D. Januário critica "centralismo da Santa Sé" e diz que "Concílio Vaticano II ainda não foi cumprido"

por Agência Lusa

O bispo das Forças Armadas, D. Januário Torgal Ferreira, defendeu hoje que, “mais dia, menos dia, haverá um concílio” dentro da Igreja Católica e criticou “o centralismo da Santa Sé”.

Em declarações à Agência Lusa, D. Januário Torgal Ferreira reconheceu que “o Concílio Vaticano II ainda não foi cumprido”, reagindo assim à carta enviada aos bispos pelo teólogo suíço Hans Kung, pedindo a realização de um novo encontro magno da Igreja.

“Eu acho que, mais dia, menos dia, haverá um concílio. Eu estou com o Papa em comunhão, mas o que eu não gosto é do centralismo da Santa Sé”, afirmou o prelado português.

“Num grande número de coisas, nós não somos devidamente ouvidos. Sei que tudo isto é uma máquina muito pesada, é difícil porque geograficamente estamos distanciados, mas por isso mesmo é que Deus nosso Senhor confiou à Igreja esta grande missão”, afirmou.

“Andamos para ai a falar em sacrifício, em entrega aos outros, em pobreza, em tortura. As torturas normais da vida é que são os verdadeiros cilícios. Porque é que as pessoas inventam sacrifícios, invenções de auto-flagelação, que eu abomino francamente, quando aquilo que nos flagela é a responsabilidade da missão que nos foi entregue?”, questionou.

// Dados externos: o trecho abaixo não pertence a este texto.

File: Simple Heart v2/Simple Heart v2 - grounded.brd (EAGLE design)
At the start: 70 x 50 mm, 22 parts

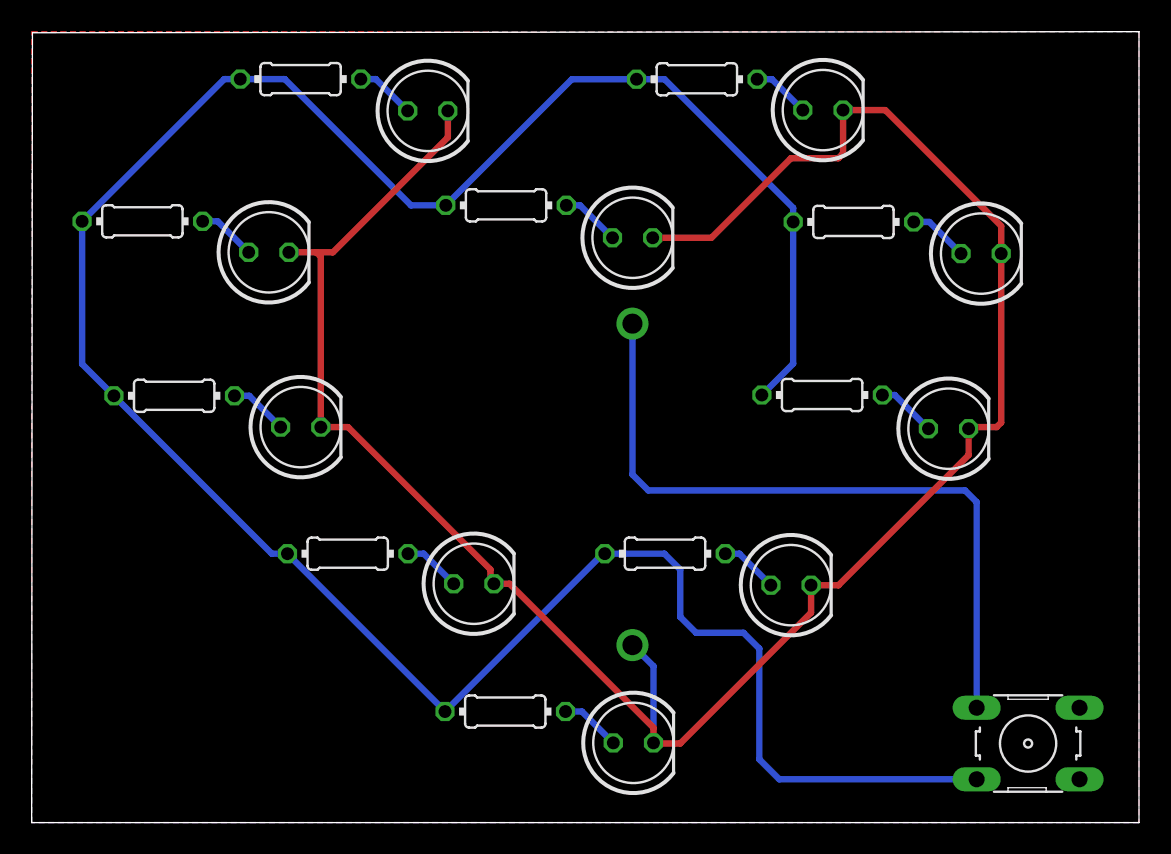
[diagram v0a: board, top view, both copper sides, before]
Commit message: Moving switch location a bit, added oshpark image. Need to confirm text.
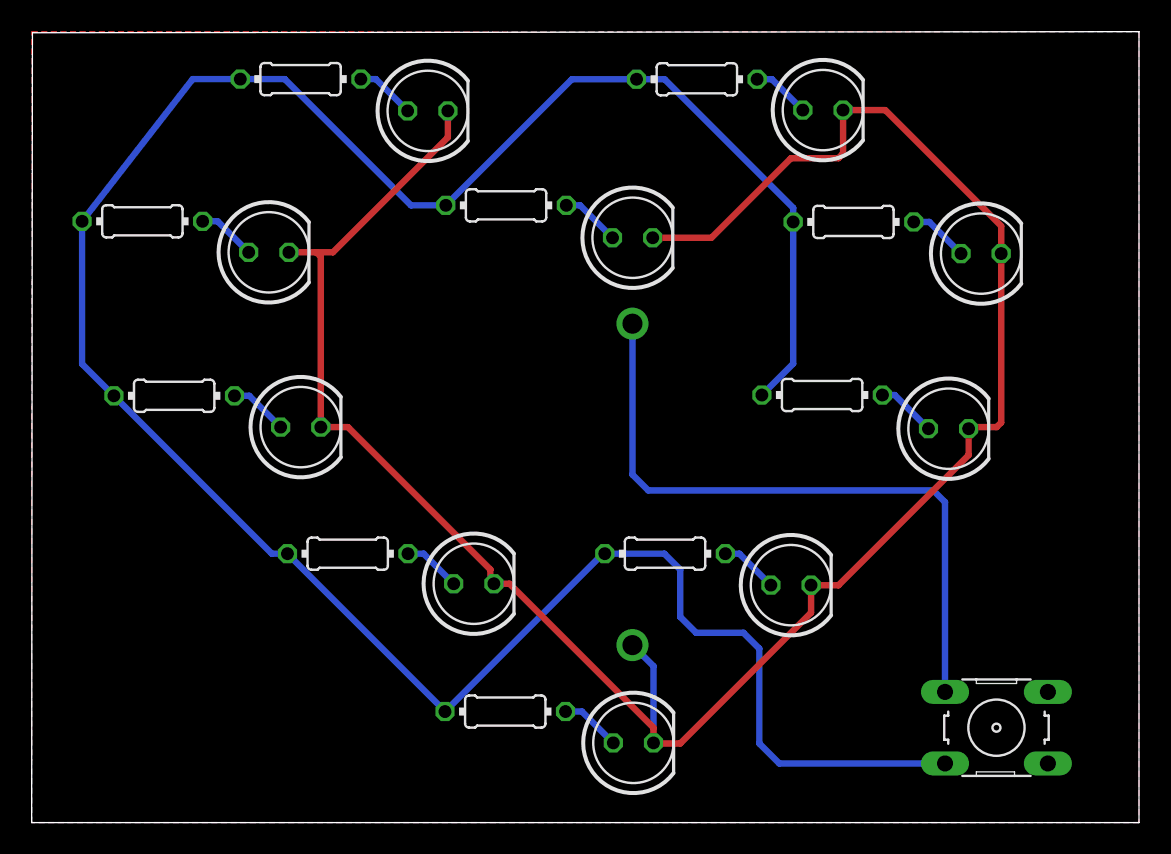
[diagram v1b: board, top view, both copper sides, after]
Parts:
- moved S1 2.24 mm to (61.0, 6.00)
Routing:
- net N$11: track 45.0 -> 42.0 mm
- net N$12: track 161.9 -> 159.6 mm
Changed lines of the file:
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@@
 <attribute name="VALUE" x="38.4144" y="16.5174" size="0.9906" layer="27" ratio="10"/>
 </element>
-<element name="S1" library="switch-omron" package="B3F-10XX" value="" x="62.99" y="5" smashed="yes">
-<attribute name="MPN" value="B3F-1000" x="62.99" y="5" size="1.778" layer="27" display="off"/>
-<attribute name="OC_NEWARK" value="36M3542" x="62.99" y="5" size="1.778" layer="27" display="off"/>
-<attribute name="OC_FARNELL" value="176432" x="62.99" y="5" size="1.778" layer="27" display="off"/>
-<attribute name="MF" value="" x="62.99" y="5" size="1.778" layer="27" display="off"/>
-<attribute name="NAME" x="62.942" y="9.683" size="1.27" layer="26" ratio="10" rot="MR0"/>
-<attribute name="VALUE" x="59.942" y="-0.08" size="1.27" layer="27" ratio="10"/>
+<element name="S1" library="switch-omron" package="B3F-10XX" value="" x="60.99" y="6" smashed="yes">
+<attribute name="MPN" value="B3F-1000" x="60.99" y="6" size="1.778" layer="27" display="off"/>
+<attribute name="OC_NEWARK" value="36M3542" x="60.99" y="6" size="1.778" layer="27" display="off"/>
+<attribute name="OC_FARNELL" value="176432" x="60.99" y="6" size="1.778" layer="27" display="off"/>
+<attribute name="MF" value="" x="60.99" y="6" size="1.778" layer="27" display="off"/>
+<attribute name="NAME" x="60.942" y="10.683" size="1.27" layer="26" ratio="10" rot="MR0"/>
+<attribute name="VALUE" x="57.942" y="0.92" size="1.27" layer="27" ratio="10"/>
 </element>
 </elements>
@@
 <wire x1="5.2" y1="26.98" x2="3.19" y2="28.99" width="0.4064" layer="16"/>
 <wire x1="3.19" y1="28.99" x2="3.19" y2="38.01" width="0.4064" layer="16"/>
-<wire x1="3.19" y1="38.01" x2="12.18" y2="47" width="0.4064" layer="16"/>
-<wire x1="12.18" y1="47" x2="13.19" y2="47" width="0.4064" layer="16"/>
+<wire x1="3.19" y1="38.01" x2="10.18" y2="47" width="0.4064" layer="16"/>
+<wire x1="10.18" y1="47" x2="13.19" y2="47" width="0.4064" layer="16"/>
 <wire x1="36.23" y1="17" x2="36.11" y2="17" width="0.4064" layer="16"/>
 <wire x1="36.11" y1="17" x2="26.13" y2="7.02" width="0.4064" layer="16"/>
@@
 <wire x1="40.01" y1="46.99" x2="48.14" y2="38.86" width="0.4064" layer="16"/>
 <wire x1="48.14" y1="37.97" x2="48.14" y2="38.86" width="0.4064" layer="16"/>
-<wire x1="59.7388" y1="2.7394" x2="47.2606" y2="2.7394" width="0.4064" layer="16"/>
-<wire x1="47.2606" y1="2.7394" x2="46" y2="4" width="0.4064" layer="16"/>
-<wire x1="46" y1="4" x2="46" y2="11" width="0.4064" layer="16"/>
+<wire x1="57.7388" y1="3.7394" x2="47.2606" y2="3.7394" width="0.4064" layer="16"/>
+<wire x1="47.2606" y1="3.7394" x2="46" y2="5" width="0.4064" layer="16"/>
+<wire x1="46" y1="5" x2="46" y2="11" width="0.4064" layer="16"/>
 <wire x1="46" y1="11" x2="45" y2="12" width="0.4064" layer="16"/>
 <wire x1="45" y1="12" x2="42" y2="12" width="0.4064" layer="16"/>
@@
 <contactref element="BATTERY_1" pad="+"/>
 <contactref element="S1" pad="1"/>
-<wire x1="59.7388" y1="7.2606" x2="59.7388" y2="20.2612" width="0.4064" layer="16"/>
+<wire x1="57.7388" y1="8.2606" x2="57.7388" y2="20.2612" width="0.4064" layer="16"/>
 <wire x1="37.98" y1="31.54" x2="37.98" y2="22" width="0.4064" layer="16"/>
-<wire x1="59.7388" y1="20.2612" x2="59" y2="21" width="0.4064" layer="16"/>
-<wire x1="59" y1="21" x2="38.98" y2="21" width="0.4064" layer="16"/>
+<wire x1="57.7388" y1="20.2612" x2="57" y2="21" width="0.4064" layer="16"/>
+<wire x1="57" y1="21" x2="38.98" y2="21" width="0.4064" layer="16"/>
 <wire x1="38.98" y1="21" x2="37.98" y2="22" width="0.4064" layer="16"/>
 </signal>

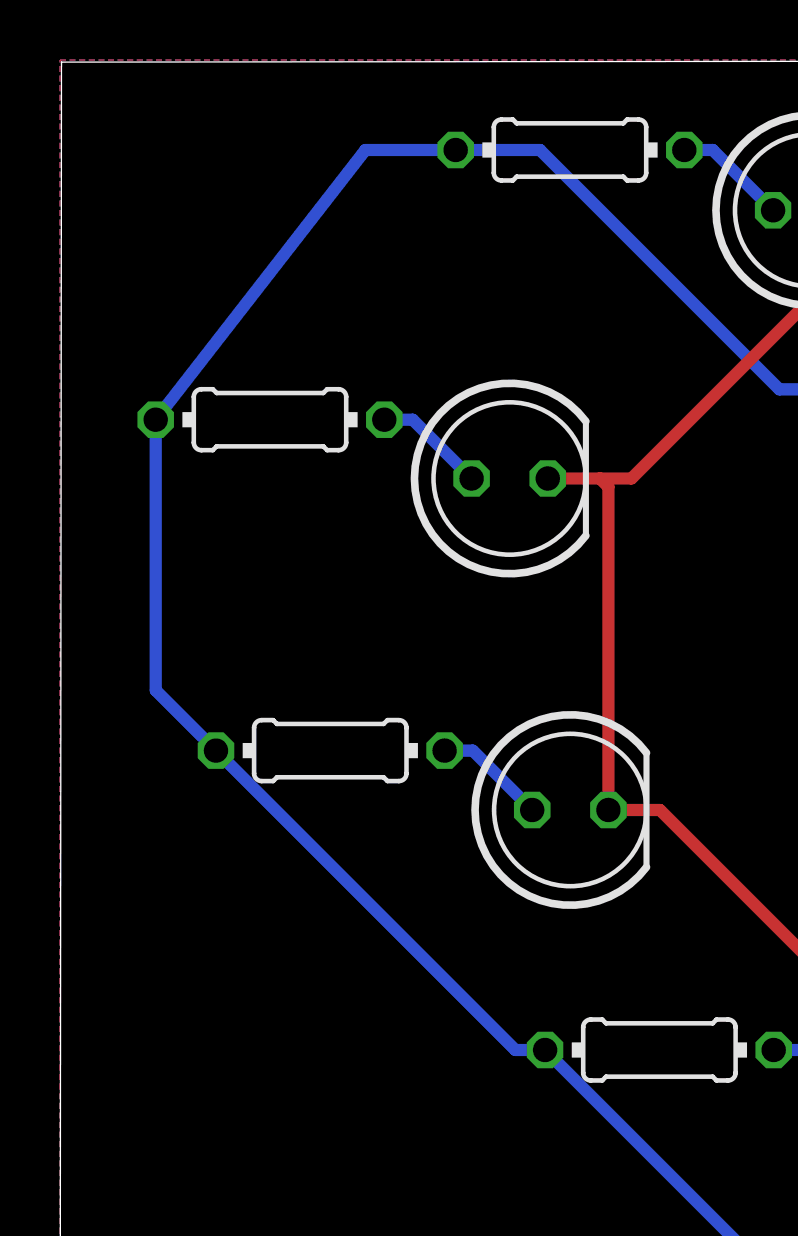
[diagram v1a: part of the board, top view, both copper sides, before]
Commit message: OCDing on the power line routing...it's not symetrical yet. But closer.
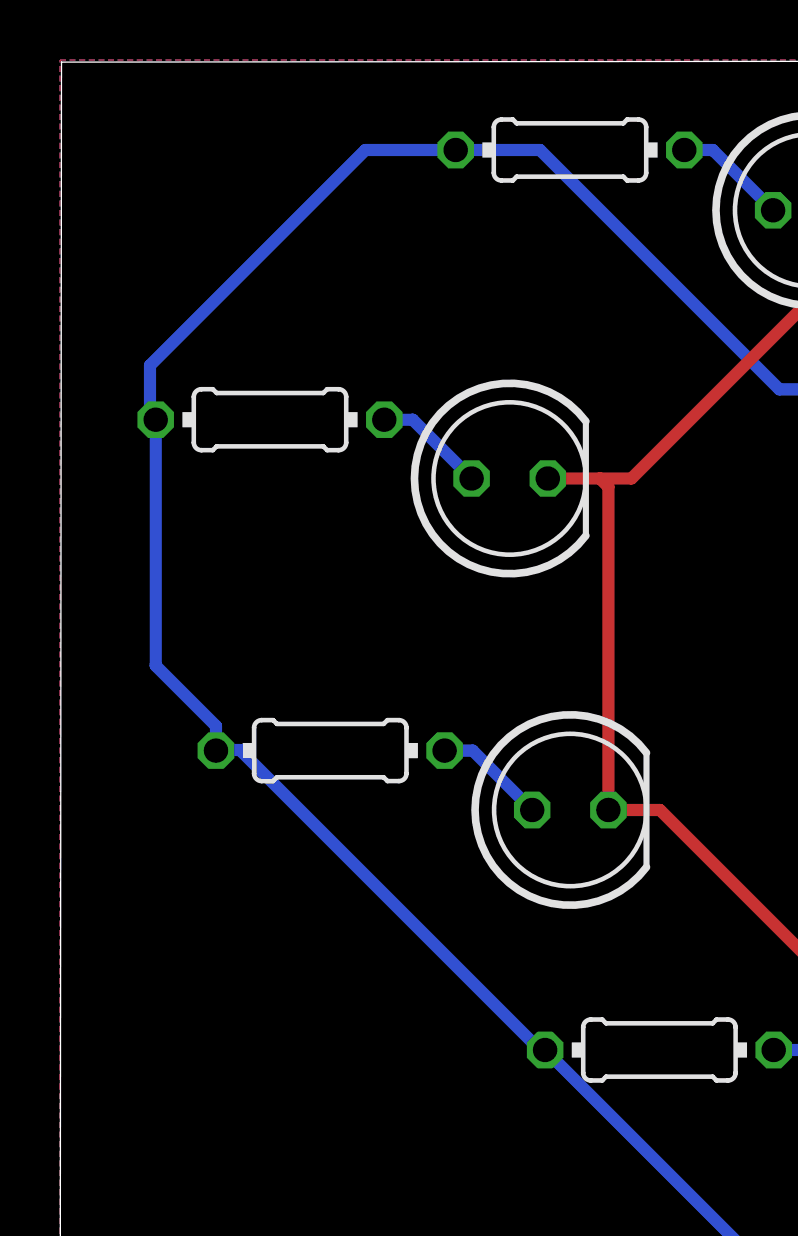
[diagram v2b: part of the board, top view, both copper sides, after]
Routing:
- net N$12: track 159.6 -> 160.2 mm
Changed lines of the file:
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@@
 <contactref element="R10" pad="1"/>
 <contactref element="S1" pad="3"/>
-<wire x1="26.13" y1="7.02" x2="26.13" y2="7.04" width="0.4064" layer="16"/>
-<wire x1="26.13" y1="7.04" x2="16.17" y2="17" width="0.4064" layer="16"/>
-<wire x1="16.17" y1="17" x2="15.18" y2="17" width="0.4064" layer="16"/>
-<wire x1="15.18" y1="17" x2="5.2" y2="26.98" width="0.4064" layer="16"/>
-<wire x1="5.2" y1="26.98" x2="3.19" y2="28.99" width="0.4064" layer="16"/>
-<wire x1="3.19" y1="28.99" x2="3.19" y2="38.01" width="0.4064" layer="16"/>
-<wire x1="3.19" y1="38.01" x2="10.18" y2="47" width="0.4064" layer="16"/>
 <wire x1="10.18" y1="47" x2="13.19" y2="47" width="0.4064" layer="16"/>
-<wire x1="36.23" y1="17" x2="36.11" y2="17" width="0.4064" layer="16"/>
-<wire x1="36.11" y1="17" x2="26.13" y2="7.02" width="0.4064" layer="16"/>
 <wire x1="46.16" y1="27.03" x2="48.14" y2="29.01" width="0.4064" layer="16"/>
 <wire x1="48.14" y1="29.01" x2="48.14" y2="37.97" width="0.4064" layer="16"/>
@@
 <wire x1="41" y1="16" x2="40" y2="17" width="0.4064" layer="16"/>
 <wire x1="40" y1="17" x2="36.23" y2="17" width="0.4064" layer="16"/>
+<wire x1="16.17" y1="17" x2="16" y2="17" width="0.4064" layer="16"/>
+<wire x1="16" y1="17" x2="6" y2="27" width="0.4064" layer="16"/>
+<wire x1="6" y1="27" x2="5.22" y2="27" width="0.4064" layer="16"/>
+<wire x1="5.22" y1="27" x2="5.2" y2="26.98" width="0.4064" layer="16"/>
+<wire x1="26.13" y1="7.02" x2="26.13" y2="7.04" width="0.4064" layer="16"/>
+<wire x1="26.13" y1="7.04" x2="16.17" y2="17" width="0.4064" layer="16"/>
+<wire x1="36.23" y1="17" x2="36.11" y2="17" width="0.4064" layer="16"/>
+<wire x1="36.11" y1="17" x2="26.13" y2="7.02" width="0.4064" layer="16"/>
+<wire x1="5.2" y1="26.98" x2="5.2" y2="27.8" width="0.4064" layer="16"/>
+<wire x1="5.2" y1="27.8" x2="3.19" y2="29.81" width="0.4064" layer="16"/>
+<wire x1="3.19" y1="29.81" x2="3.19" y2="38.01" width="0.4064" layer="16"/>
+<wire x1="10.18" y1="47" x2="3" y2="39.82" width="0.4064" layer="16"/>
+<wire x1="3.19" y1="38.01" x2="3" y2="38.2" width="0.4064" layer="16"/>
+<wire x1="3" y1="38.2" x2="3" y2="39.82" width="0.4064" layer="16"/>
 </signal>
 <signal name="N$11">

Segundo D. Januário, “o mundo” é que constitui a “missão da Igreja”, um sítio onde “há os paralíticos, os estropiados, as crianças violadas, o tráfico sexual, os gestores de determinadas estruturas bancárias a rirem-se de quem tem uma gamela para comer uma sopa quando eles têm uma gamela de ouro”.

“Isto é que devia não nos deixar dormir, não são agora os cânticos ao Papa que aí vem, as camisolas, os triunfalismos, ou a quase a loucura perante o campeonato do mundo de África do Sul”, argumentou.

Apesar de não ignorar que Hans Kung “tem o coração ferido porque foi posto à margem do ensino da Teologia”, o bispo das Forças Armadas considera que o académico suíço apontou para “o rei que vai nu” num artigo “muito bem pensado”.

“Só porque foi um homem que eventualmente cometeu alguns erros, não esteve em comunhão com o Papa em tudo, vou dizer que ele não tem razão?” - interrogou.

D. Januário Torgal Ferreira recusa também a ideia de que o teólogo seja um “louco”: “Para mim não há doidos, há seres humanos. Está ali um ser humano a dizer que isto está muito mau”.

“A responsabilidade que nós temos é grande e não devemos fugir a essa responsabilidade. Muita gente ‘tira o cavalinho’ da chuva, há muita gente que sente-se incomodada”, afirmou.

“Tenho muito medo das emoções, de se dizer vamos todos salvar a família, como dizem agora uns quantos, ou vamos todos salvar a juventude e que vem aí o fim do mundo”, sustentou.

D. Januário Torgal Ferreira recusou ainda a ideia de uma campanha contra a Igreja e o Papa a propósito dos crimes de pedofilia cometidos por membros da Igreja, ao mesmo tempo que rejeita que o “sistema pensante da Igreja” seja “pedofílico”, ou que “abafe a sexualidade”.

“Os padres que falharam, e da forma ignominiosa como o fizeram, não são estes que estão contra o Papa? Não julgo ninguém, mas está provado objetivamente e aceite pelo próprio réu. Não são campanhas, não são calúnias, é a pouca vergonha instalada em alguns setores”, defendeu.

Apesar dos “avanços”, que tem feito de uma “forma espantosa”, a Igreja tem dificuldade em “aceitar o pluralismo”, considerou o bispo.

“Não significa que quem crítica tenha razão, mas pelo menos [deve-se] ouvir essa pessoa, chamá-la, dialogar com ela, para todos conseguirmos compor a casa”, afirmou D. Januário, embora reconhecendo que Hans Kung possa ter sido “excessivo” nomeadamente na questão do celibato dos padres.